In a news release issued earlier today, the Office of the UN High Commissioner for Refugees (UNHCR) confirmed the latest figures received from the field indicating that more than 4 million Syrian refugees have fled the Middle Eastern nation since hostilities began there in March 2011.
“This is the biggest refugee population from a single conflict in a generation,” lamented UN High Commissioner for Refugees António Guterres. “It is a population that deserves the support of the world but is instead living in dire conditions and sinking deeper into abject poverty.”
As it reaches the mid-point of its fifth year, the Syrian civil war has generated a steady outflow of refugees into neighbouring countries such as Lebanon, Turkey, Iraq and Jordan, burdening those countries’ infrastructures and leading to overcrowded settlements where many refugees struggle amid high unemployment and precarious services.
According to the latest data available, Turkey alone is host to over 1,800,000 registered Syrian refugees – more than any other in the world – with about 259,000 living in 23 camps set up and managed by the Government.
In addition, the numbers are only slated to increase amid intensified fighting across Syria, the UN refugee agency noted. Today’s 4 million milestone, in fact, comes barely 10 months since the total of three million was reached.
At the same time, however, life for Syrians in exile is becoming increasingly tough. The UN agency explained that some 86 per cent of refugees outside Jordanian resettlement camps live below the poverty line.

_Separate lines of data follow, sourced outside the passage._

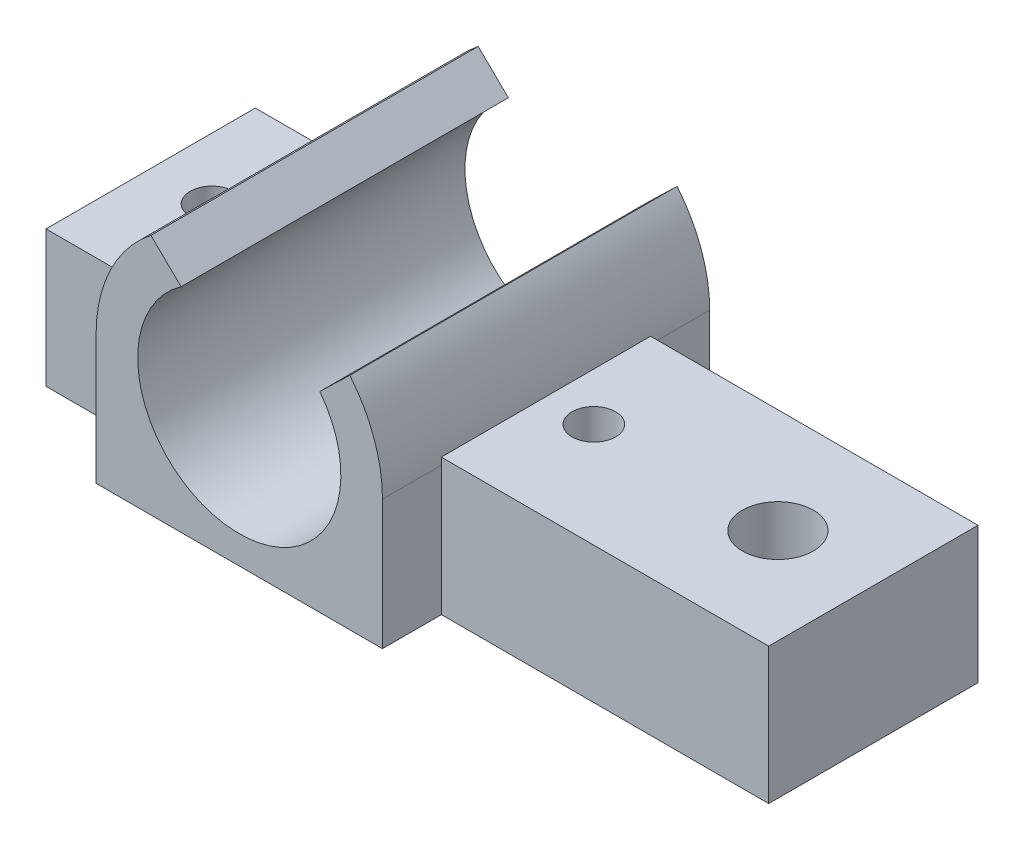
ISO-10303-21;
HEADER;
FILE_DESCRIPTION(('STEP AP214'),'2;1');
FILE_NAME('part.step','',(''),(''),'','','');
FILE_SCHEMA(('AUTOMOTIVE_DESIGN { 1 0 10303 214 1 1 1 1 }'));
ENDSEC;
DATA;
#1=APPLICATION_CONTEXT('core data for automotive mechanical design processes');
#2=APPLICATION_PROTOCOL_DEFINITION('international standard','automotive_design',2000,#1);
#3=PRODUCT_CONTEXT('',#1,'mechanical');
#4=PRODUCT('Part','Part','',(#3));
#5=PRODUCT_RELATED_PRODUCT_CATEGORY('part','',(#4));
#6=PRODUCT_DEFINITION_FORMATION('','',#4);
#7=PRODUCT_DEFINITION_CONTEXT('part definition',#1,'design');
#8=PRODUCT_DEFINITION('design','',#6,#7);
#9=PRODUCT_DEFINITION_SHAPE('','',#8);
#10=(LENGTH_UNIT() NAMED_UNIT(*) SI_UNIT(.MILLI.,.METRE.));
#11=(NAMED_UNIT(*) PLANE_ANGLE_UNIT() SI_UNIT($,.RADIAN.));
#12=(NAMED_UNIT(*) SI_UNIT($,.STERADIAN.) SOLID_ANGLE_UNIT());
#13=UNCERTAINTY_MEASURE_WITH_UNIT(LENGTH_MEASURE(1.E-05),#10,'distance_accuracy_value','');
#14=(GEOMETRIC_REPRESENTATION_CONTEXT(3) GLOBAL_UNCERTAINTY_ASSIGNED_CONTEXT((#13)) GLOBAL_UNIT_ASSIGNED_CONTEXT((#10,
#11,#12)) REPRESENTATION_CONTEXT('',''));
#15=CARTESIAN_POINT('',(0.,0.,0.));
#16=DIRECTION('',(0.,0.,1.));
#17=DIRECTION('',(1.,0.,0.));
#18=AXIS2_PLACEMENT_3D('',#15,#16,#17);
#19=CARTESIAN_POINT('',(66.3937346144684,10.,0.));
#20=DIRECTION('',(0.,-1.,0.));
#21=DIRECTION('',(0.,0.,-1.));
#22=AXIS2_PLACEMENT_3D('',#19,#20,#21);
#23=CYLINDRICAL_SURFACE('',#22,2.6);
#24=CARTESIAN_POINT('',(66.3937346144684,10.,0.));
#25=DIRECTION('',(0.,1.,0.));
#26=DIRECTION('',(0.,0.,1.));
#27=AXIS2_PLACEMENT_3D('',#24,#25,#26);
#28=CIRCLE('',#27,2.6);
#29=CARTESIAN_POINT('',(66.3937346144684,10.,2.6));
#30=VERTEX_POINT('',#29);
#31=EDGE_CURVE('E332',#30,#30,#28,.T.);
#32=ORIENTED_EDGE('',*,*,#31,.T.);
#33=EDGE_LOOP('',(#32));
#34=FACE_BOUND('',#33,.T.);
#35=CARTESIAN_POINT('',(66.3937346144684,4.4,0.));
#36=DIRECTION('',(0.,-1.,0.));
#37=DIRECTION('',(0.,0.,-1.));
#38=AXIS2_PLACEMENT_3D('',#35,#36,#37);
#39=CIRCLE('',#38,2.6);
#40=CARTESIAN_POINT('',(66.3937346144684,4.4,-2.6));
#41=VERTEX_POINT('',#40);
#42=EDGE_CURVE('E223',#41,#41,#39,.T.);
#43=ORIENTED_EDGE('',*,*,#42,.T.);
#44=EDGE_LOOP('',(#43));
#45=FACE_BOUND('',#44,.T.);
#46=ADVANCED_FACE('F35',(#34,#45),#23,.F.);
#47=CARTESIAN_POINT('',(0.,10.,0.));
#48=DIRECTION('',(0.,1.,0.));
#49=DIRECTION('',(0.,0.,1.));
#50=AXIS2_PLACEMENT_3D('',#47,#48,#49);
#51=PLANE('',#50);
#52=DIRECTION('',(0.,0.,-1.));
#53=VECTOR('',#52,1.);
#54=CARTESIAN_POINT('',(49.3818230961699,10.,43.8288287251762));
#55=LINE('',#54,#53);
#56=CARTESIAN_POINT('',(49.3818230961699,10.,7.675));
#57=VERTEX_POINT('',#56);
#58=CARTESIAN_POINT('',(49.3818230961699,10.,-7.675));
#59=VERTEX_POINT('',#58);
#60=EDGE_CURVE('E322',#57,#59,#55,.T.);
#61=ORIENTED_EDGE('',*,*,#60,.F.);
#62=DIRECTION('',(1.,0.,0.));
#63=VECTOR('',#62,1.);
#64=CARTESIAN_POINT('',(73.3937346144684,10.,7.675));
#65=LINE('',#64,#63);
#66=CARTESIAN_POINT('',(73.3937346144684,10.,7.675));
#67=VERTEX_POINT('',#66);
#68=EDGE_CURVE('E351',#57,#67,#65,.T.);
#69=ORIENTED_EDGE('',*,*,#68,.T.);
#70=DIRECTION('',(0.,0.,-1.));
#71=VECTOR('',#70,1.);
#72=CARTESIAN_POINT('',(73.3937346144684,10.,-7.675));
#73=LINE('',#72,#71);
#74=CARTESIAN_POINT('',(73.3937346144684,10.,-7.675));
#75=VERTEX_POINT('',#74);
#76=EDGE_CURVE('E356',#67,#75,#73,.T.);
#77=ORIENTED_EDGE('',*,*,#76,.T.);
#78=DIRECTION('',(-1.,0.,0.));
#79=VECTOR('',#78,1.);
#80=CARTESIAN_POINT('',(73.3937346144684,10.,-7.675));
#81=LINE('',#80,#79);
#82=EDGE_CURVE('E359',#75,#59,#81,.T.);
#83=ORIENTED_EDGE('',*,*,#82,.T.);
#84=EDGE_LOOP('',(#61,#69,#77,#83));
#85=FACE_BOUND('',#84,.T.);
#86=CARTESIAN_POINT('',(52.8937346144684,10.,0.));
#87=DIRECTION('',(0.,1.,0.));
#88=DIRECTION('',(0.,0.,1.));
#89=AXIS2_PLACEMENT_3D('',#86,#87,#88);
#90=CIRCLE('',#89,1.6);
#91=CARTESIAN_POINT('',(52.8937346144684,10.,1.6));
#92=VERTEX_POINT('',#91);
#93=EDGE_CURVE('E342',#92,#92,#90,.T.);
#94=ORIENTED_EDGE('',*,*,#93,.F.);
#95=EDGE_LOOP('',(#94));
#96=FACE_BOUND('',#95,.T.);
#97=ORIENTED_EDGE('',*,*,#31,.F.);
#98=EDGE_LOOP('',(#97));
#99=FACE_BOUND('',#98,.T.);
#100=ADVANCED_FACE('F397',(#85,#96,#99),#51,.T.);
#101=CARTESIAN_POINT('',(73.3937346144684,10.,7.675));
#102=DIRECTION('',(0.,0.,-1.));
#103=DIRECTION('',(-1.,0.,0.));
#104=AXIS2_PLACEMENT_3D('',#101,#102,#103);
#105=PLANE('',#104);
#106=DIRECTION('',(0.,-1.,0.));
#107=VECTOR('',#106,1.);
#108=CARTESIAN_POINT('',(28.3937346144684,10.,7.675));
#109=LINE('',#108,#107);
#110=CARTESIAN_POINT('',(28.3937346144684,9.5,7.67500000000001));
#111=VERTEX_POINT('',#110);
#112=CARTESIAN_POINT('',(28.3937346144684,0.,7.675));
#113=VERTEX_POINT('',#112);
#114=EDGE_CURVE('E330',#111,#113,#109,.T.);
#115=ORIENTED_EDGE('',*,*,#114,.F.);
#116=CARTESIAN_POINT('',(38.8937346144684,9.5,7.67500000000001));
#117=DIRECTION('',(0.,0.,-1.));
#118=DIRECTION('',(-1.,0.,0.));
#119=AXIS2_PLACEMENT_3D('',#116,#117,#118);
#120=CIRCLE('',#119,10.5);
#121=CARTESIAN_POINT('',(28.4056461327669,10.,7.675));
#122=VERTEX_POINT('',#121);
#123=EDGE_CURVE('E319',#111,#122,#120,.T.);
#124=ORIENTED_EDGE('',*,*,#123,.T.);
#125=CARTESIAN_POINT('',(20.3937346144684,10.,7.67500000000001));
#126=VERTEX_POINT('',#125);
#127=EDGE_CURVE('E353',#126,#122,#65,.T.);
#128=ORIENTED_EDGE('',*,*,#127,.F.);
#129=DIRECTION('',(0.,-1.,0.));
#130=VECTOR('',#129,1.);
#131=CARTESIAN_POINT('',(20.3937346144684,10.,7.67500000000001));
#132=LINE('',#131,#130);
#133=CARTESIAN_POINT('',(20.3937346144684,0.,7.67500000000001));
#134=VERTEX_POINT('',#133);
#135=EDGE_CURVE('E382',#126,#134,#132,.T.);
#136=ORIENTED_EDGE('',*,*,#135,.T.);
#137=DIRECTION('',(1.,0.,0.));
#138=VECTOR('',#137,1.);
#139=CARTESIAN_POINT('',(73.3937346144684,0.,7.675));
#140=LINE('',#139,#138);
#141=EDGE_CURVE('E366',#134,#113,#140,.T.);
#142=ORIENTED_EDGE('',*,*,#141,.T.);
#143=EDGE_LOOP('',(#115,#124,#128,#136,#142));
#144=FACE_BOUND('',#143,.T.);
#145=ADVANCED_FACE('F450',(#144),#105,.F.);
#146=CARTESIAN_POINT('',(73.3937346144684,10.,-7.675));
#147=DIRECTION('',(0.,0.,1.));
#148=DIRECTION('',(1.,0.,0.));
#149=AXIS2_PLACEMENT_3D('',#146,#147,#148);
#150=PLANE('',#149);
#151=DIRECTION('',(0.,1.,0.));
#152=VECTOR('',#151,1.);
#153=CARTESIAN_POINT('',(28.3937346144684,10.,-7.675));
#154=LINE('',#153,#152);
#155=CARTESIAN_POINT('',(28.3937346144684,0.,-7.67499999999999));
#156=VERTEX_POINT('',#155);
#157=CARTESIAN_POINT('',(28.3937346144684,9.5,-7.67499999999999));
#158=VERTEX_POINT('',#157);
#159=EDGE_CURVE('E388',#156,#158,#154,.T.);
#160=ORIENTED_EDGE('',*,*,#159,.F.);
#161=DIRECTION('',(-1.,0.,0.));
#162=VECTOR('',#161,1.);
#163=CARTESIAN_POINT('',(73.3937346144684,0.,-7.675));
#164=LINE('',#163,#162);
#165=CARTESIAN_POINT('',(20.3937346144684,0.,-7.67499999999999));
#166=VERTEX_POINT('',#165);
#167=EDGE_CURVE('E371',#156,#166,#164,.T.);
#168=ORIENTED_EDGE('',*,*,#167,.T.);
#169=DIRECTION('',(0.,-1.,0.));
#170=VECTOR('',#169,1.);
#171=CARTESIAN_POINT('',(20.3937346144684,10.,-7.67499999999999));
#172=LINE('',#171,#170);
#173=CARTESIAN_POINT('',(20.3937346144684,10.,-7.67499999999999));
#174=VERTEX_POINT('',#173);
#175=EDGE_CURVE('E362',#174,#166,#172,.T.);
#176=ORIENTED_EDGE('',*,*,#175,.F.);
#177=CARTESIAN_POINT('',(28.4056461327668,10.,-7.67499999999999));
#178=VERTEX_POINT('',#177);
#179=EDGE_CURVE('E358',#178,#174,#81,.T.);
#180=ORIENTED_EDGE('',*,*,#179,.F.);
#181=CARTESIAN_POINT('',(38.8937346144684,9.5,-7.67499999999999));
#182=DIRECTION('',(0.,0.,1.));
#183=DIRECTION('',(1.,0.,0.));
#184=AXIS2_PLACEMENT_3D('',#181,#182,#183);
#185=CIRCLE('',#184,10.5);
#186=EDGE_CURVE('E385',#178,#158,#185,.T.);
#187=ORIENTED_EDGE('',*,*,#186,.T.);
#188=EDGE_LOOP('',(#160,#168,#176,#180,#187));
#189=FACE_BOUND('',#188,.T.);
#190=ADVANCED_FACE('F458',(#189),#150,.F.);
#191=DIRECTION('',(0.,0.,-1.));
#192=VECTOR('',#191,1.);
#193=CARTESIAN_POINT('',(28.4056461327669,10.,43.8288287251762));
#194=LINE('',#193,#192);
#195=EDGE_CURVE('E317',#178,#122,#194,.F.);
#196=ORIENTED_EDGE('',*,*,#195,.F.);
#197=ORIENTED_EDGE('',*,*,#179,.T.);
#198=DIRECTION('',(0.,0.,1.));
#199=VECTOR('',#198,1.);
#200=CARTESIAN_POINT('',(20.3937346144684,10.,7.67500000000001));
#201=LINE('',#200,#199);
#202=EDGE_CURVE('E348',#174,#126,#201,.T.);
#203=ORIENTED_EDGE('',*,*,#202,.T.);
#204=ORIENTED_EDGE('',*,*,#127,.T.);
#205=EDGE_LOOP('',(#196,#197,#203,#204));
#206=FACE_BOUND('',#205,.T.);
#207=CARTESIAN_POINT('',(24.8937346144684,10.,0.));
#208=DIRECTION('',(0.,1.,0.));
#209=DIRECTION('',(0.,0.,1.));
#210=AXIS2_PLACEMENT_3D('',#207,#208,#209);
#211=CIRCLE('',#210,1.6);
#212=CARTESIAN_POINT('',(24.8937346144684,10.,1.6));
#213=VERTEX_POINT('',#212);
#214=EDGE_CURVE('E336',#213,#213,#211,.T.);
#215=ORIENTED_EDGE('',*,*,#214,.F.);
#216=EDGE_LOOP('',(#215));
#217=FACE_BOUND('',#216,.T.);
#218=ADVANCED_FACE('F479',(#206,#217),#51,.T.);
#219=CARTESIAN_POINT('',(0.,0.,0.));
#220=DIRECTION('',(0.,1.,0.));
#221=DIRECTION('',(0.,0.,1.));
#222=AXIS2_PLACEMENT_3D('',#219,#220,#221);
#223=PLANE('',#222);
#224=DIRECTION('',(0.,0.,-1.));
#225=VECTOR('',#224,1.);
#226=CARTESIAN_POINT('',(62.3667164868707,0.,2.325));
#227=LINE('',#226,#225);
#228=CARTESIAN_POINT('',(62.3667164868707,0.,2.325));
#229=VERTEX_POINT('',#228);
#230=CARTESIAN_POINT('',(62.3667164868707,0.,-2.32500000000001));
#231=VERTEX_POINT('',#230);
#232=EDGE_CURVE('E233',#229,#231,#227,.T.);
#233=ORIENTED_EDGE('',*,*,#232,.F.);
#234=DIRECTION('',(-0.866025403784438,0.,-0.5));
#235=VECTOR('',#234,1.);
#236=CARTESIAN_POINT('',(66.3937346144684,0.,4.65));
#237=LINE('',#236,#235);
#238=CARTESIAN_POINT('',(66.3937346144684,0.,4.65));
#239=VERTEX_POINT('',#238);
#240=EDGE_CURVE('E50',#239,#229,#237,.T.);
#241=ORIENTED_EDGE('',*,*,#240,.F.);
#242=DIRECTION('',(-0.866025403784439,0.,0.5));
#243=VECTOR('',#242,1.);
#244=CARTESIAN_POINT('',(70.420752742066,0.,2.32500000000001));
#245=LINE('',#244,#243);
#246=CARTESIAN_POINT('',(70.420752742066,0.,2.32500000000001));
#247=VERTEX_POINT('',#246);
#248=EDGE_CURVE('E217',#247,#239,#245,.T.);
#249=ORIENTED_EDGE('',*,*,#248,.F.);
#250=DIRECTION('',(0.,0.,1.));
#251=VECTOR('',#250,1.);
#252=CARTESIAN_POINT('',(70.420752742066,0.,-2.325));
#253=LINE('',#252,#251);
#254=CARTESIAN_POINT('',(70.420752742066,0.,-2.325));
#255=VERTEX_POINT('',#254);
#256=EDGE_CURVE('E220',#255,#247,#253,.T.);
#257=ORIENTED_EDGE('',*,*,#256,.F.);
#258=DIRECTION('',(0.866025403784438,0.,0.500000000000001));
#259=VECTOR('',#258,1.);
#260=CARTESIAN_POINT('',(66.3937346144684,0.,-4.65));
#261=LINE('',#260,#259);
#262=CARTESIAN_POINT('',(66.3937346144684,0.,-4.65));
#263=VERTEX_POINT('',#262);
#264=EDGE_CURVE('E238',#263,#255,#261,.T.);
#265=ORIENTED_EDGE('',*,*,#264,.F.);
#266=DIRECTION('',(0.866025403784439,0.,-0.499999999999999));
#267=VECTOR('',#266,1.);
#268=CARTESIAN_POINT('',(62.3667164868707,0.,-2.32500000000001));
#269=LINE('',#268,#267);
#270=EDGE_CURVE('E235',#231,#263,#269,.T.);
#271=ORIENTED_EDGE('',*,*,#270,.F.);
#272=EDGE_LOOP('',(#233,#241,#249,#257,#265,#271));
#273=FACE_BOUND('',#272,.T.);
#274=CARTESIAN_POINT('',(49.3937346144684,0.,7.675));
#275=VERTEX_POINT('',#274);
#276=CARTESIAN_POINT('',(73.3937346144684,0.,7.675));
#277=VERTEX_POINT('',#276);
#278=EDGE_CURVE('E365',#275,#277,#140,.T.);
#279=ORIENTED_EDGE('',*,*,#278,.F.);
#280=DIRECTION('',(0.,0.,-1.));
#281=VECTOR('',#280,1.);
#282=CARTESIAN_POINT('',(49.3937346144684,0.,43.8288287251762));
#283=LINE('',#282,#281);
#284=CARTESIAN_POINT('',(49.3937346144684,0.,12.));
#285=VERTEX_POINT('',#284);
#286=EDGE_CURVE('E311',#285,#275,#283,.T.);
#287=ORIENTED_EDGE('',*,*,#286,.F.);
#288=DIRECTION('',(1.,0.,0.));
#289=VECTOR('',#288,1.);
#290=CARTESIAN_POINT('',(49.3937346144684,0.,12.));
#291=LINE('',#290,#289);
#292=CARTESIAN_POINT('',(28.3937346144684,0.,12.));
#293=VERTEX_POINT('',#292);
#294=EDGE_CURVE('E288',#293,#285,#291,.T.);
#295=ORIENTED_EDGE('',*,*,#294,.F.);
#296=DIRECTION('',(0.,0.,-1.));
#297=VECTOR('',#296,1.);
#298=CARTESIAN_POINT('',(28.3937346144684,0.,43.8288287251762));
#299=LINE('',#298,#297);
#300=EDGE_CURVE('E279',#293,#113,#299,.T.);
#301=ORIENTED_EDGE('',*,*,#300,.T.);
#302=ORIENTED_EDGE('',*,*,#141,.F.);
#303=DIRECTION('',(0.,0.,1.));
#304=VECTOR('',#303,1.);
#305=CARTESIAN_POINT('',(20.3937346144684,0.,7.67500000000001));
#306=LINE('',#305,#304);
#307=EDGE_CURVE('E345',#166,#134,#306,.T.);
#308=ORIENTED_EDGE('',*,*,#307,.F.);
#309=ORIENTED_EDGE('',*,*,#167,.F.);
#310=CARTESIAN_POINT('',(28.3937346144684,0.,-12.));
#311=VERTEX_POINT('',#310);
#312=EDGE_CURVE('E313',#156,#311,#299,.T.);
#313=ORIENTED_EDGE('',*,*,#312,.T.);
#314=DIRECTION('',(-1.,0.,0.));
#315=VECTOR('',#314,1.);
#316=CARTESIAN_POINT('',(49.3937346144684,0.,-12.));
#317=LINE('',#316,#315);
#318=CARTESIAN_POINT('',(49.3937346144684,0.,-12.));
#319=VERTEX_POINT('',#318);
#320=EDGE_CURVE('E255',#319,#311,#317,.T.);
#321=ORIENTED_EDGE('',*,*,#320,.F.);
#322=CARTESIAN_POINT('',(49.3937346144684,0.,-7.675));
#323=VERTEX_POINT('',#322);
#324=EDGE_CURVE('E310',#323,#319,#283,.T.);
#325=ORIENTED_EDGE('',*,*,#324,.F.);
#326=CARTESIAN_POINT('',(73.3937346144684,0.,-7.675));
#327=VERTEX_POINT('',#326);
#328=EDGE_CURVE('E352',#327,#323,#164,.T.);
#329=ORIENTED_EDGE('',*,*,#328,.F.);
#330=DIRECTION('',(0.,0.,-1.));
#331=VECTOR('',#330,1.);
#332=CARTESIAN_POINT('',(73.3937346144684,0.,-7.675));
#333=LINE('',#332,#331);
#334=EDGE_CURVE('E369',#277,#327,#333,.T.);
#335=ORIENTED_EDGE('',*,*,#334,.F.);
#336=EDGE_LOOP('',(#279,#287,#295,#301,#302,#308,#309,#313,#321,#325,#329,#335));
#337=FACE_BOUND('',#336,.T.);
#338=CARTESIAN_POINT('',(52.8937346144684,0.,0.));
#339=DIRECTION('',(0.,1.,0.));
#340=DIRECTION('',(0.,0.,1.));
#341=AXIS2_PLACEMENT_3D('',#338,#339,#340);
#342=CIRCLE('',#341,1.6);
#343=CARTESIAN_POINT('',(52.8937346144684,0.,1.6));
#344=VERTEX_POINT('',#343);
#345=EDGE_CURVE('E339',#344,#344,#342,.T.);
#346=ORIENTED_EDGE('',*,*,#345,.T.);
#347=EDGE_LOOP('',(#346));
#348=FACE_BOUND('',#347,.T.);
#349=CARTESIAN_POINT('',(24.8937346144684,0.,0.));
#350=DIRECTION('',(0.,1.,0.));
#351=DIRECTION('',(0.,0.,1.));
#352=AXIS2_PLACEMENT_3D('',#349,#350,#351);
#353=CIRCLE('',#352,1.6);
#354=CARTESIAN_POINT('',(24.8937346144684,0.,1.6));
#355=VERTEX_POINT('',#354);
#356=EDGE_CURVE('E335',#355,#355,#353,.T.);
#357=ORIENTED_EDGE('',*,*,#356,.T.);
#358=EDGE_LOOP('',(#357));
#359=FACE_BOUND('',#358,.T.);
#360=ADVANCED_FACE('F410',(#273,#337,#348,#359),#223,.F.);
#361=CARTESIAN_POINT('',(20.3937346144684,10.,7.67500000000001));
#362=DIRECTION('',(1.,0.,0.));
#363=DIRECTION('',(0.,0.,-1.));
#364=AXIS2_PLACEMENT_3D('',#361,#362,#363);
#365=PLANE('',#364);
#366=ORIENTED_EDGE('',*,*,#307,.T.);
#367=ORIENTED_EDGE('',*,*,#135,.F.);
#368=ORIENTED_EDGE('',*,*,#202,.F.);
#369=ORIENTED_EDGE('',*,*,#175,.T.);
#370=EDGE_LOOP('',(#366,#367,#368,#369));
#371=FACE_BOUND('',#370,.T.);
#372=ADVANCED_FACE('F37',(#371),#365,.F.);
#373=CARTESIAN_POINT('',(38.8937346144684,9.5,7.67500000000001));
#374=DIRECTION('',(0.,0.,-1.));
#375=DIRECTION('',(-1.,0.,0.));
#376=AXIS2_PLACEMENT_3D('',#373,#374,#375);
#377=CIRCLE('',#376,10.5);
#378=CARTESIAN_POINT('',(49.3937346144684,9.5,7.67500000000001));
#379=VERTEX_POINT('',#378);
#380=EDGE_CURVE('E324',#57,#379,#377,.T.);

In Lebanon, 55 per cent of refugees live in shelters considered to be “sub-standard.”
Meanwhile, in a recent report from the ground, the UN Children’s Fund (UNICEF) similarly warned that as the Syrian crisis has dramatically reduced family livelihood opportunities and impoverished millions of households in the region, children have been steadily pushed into the job market and are now being widely employed in harmful working conditions, risking serious damage to their health and wellbeing.
“Worsening conditions are driving growing numbers towards Europe and further afield, but the overwhelming majority remain in the region,” Mr. Guterres continued. “We cannot afford to let them and the communities hosting them slide further into desperation.”
While the conflict continues to push a steady outflow of Syrians across the region, the conditions of those trapped inside the country’s besieged cities remains equally dire.
The UN’s Office for the Coordination of Humanitarian Affairs (OCHA) has cautioned that some 12 million people in the Middle Eastern country today remain in need of humanitarian assistance – a twelve-fold increase since 2011. 7.6 million people have been displaced by the conflict and another 4.8 million people are in need of humanitarian assistance in hard to reach and besieged locations.
The humanitarian impact of the crisis is only further compounded by funding shortfalls which has seen wholesale cuts to the UN’s delivery of humanitarian aid – from food assistance to lifesaving health services.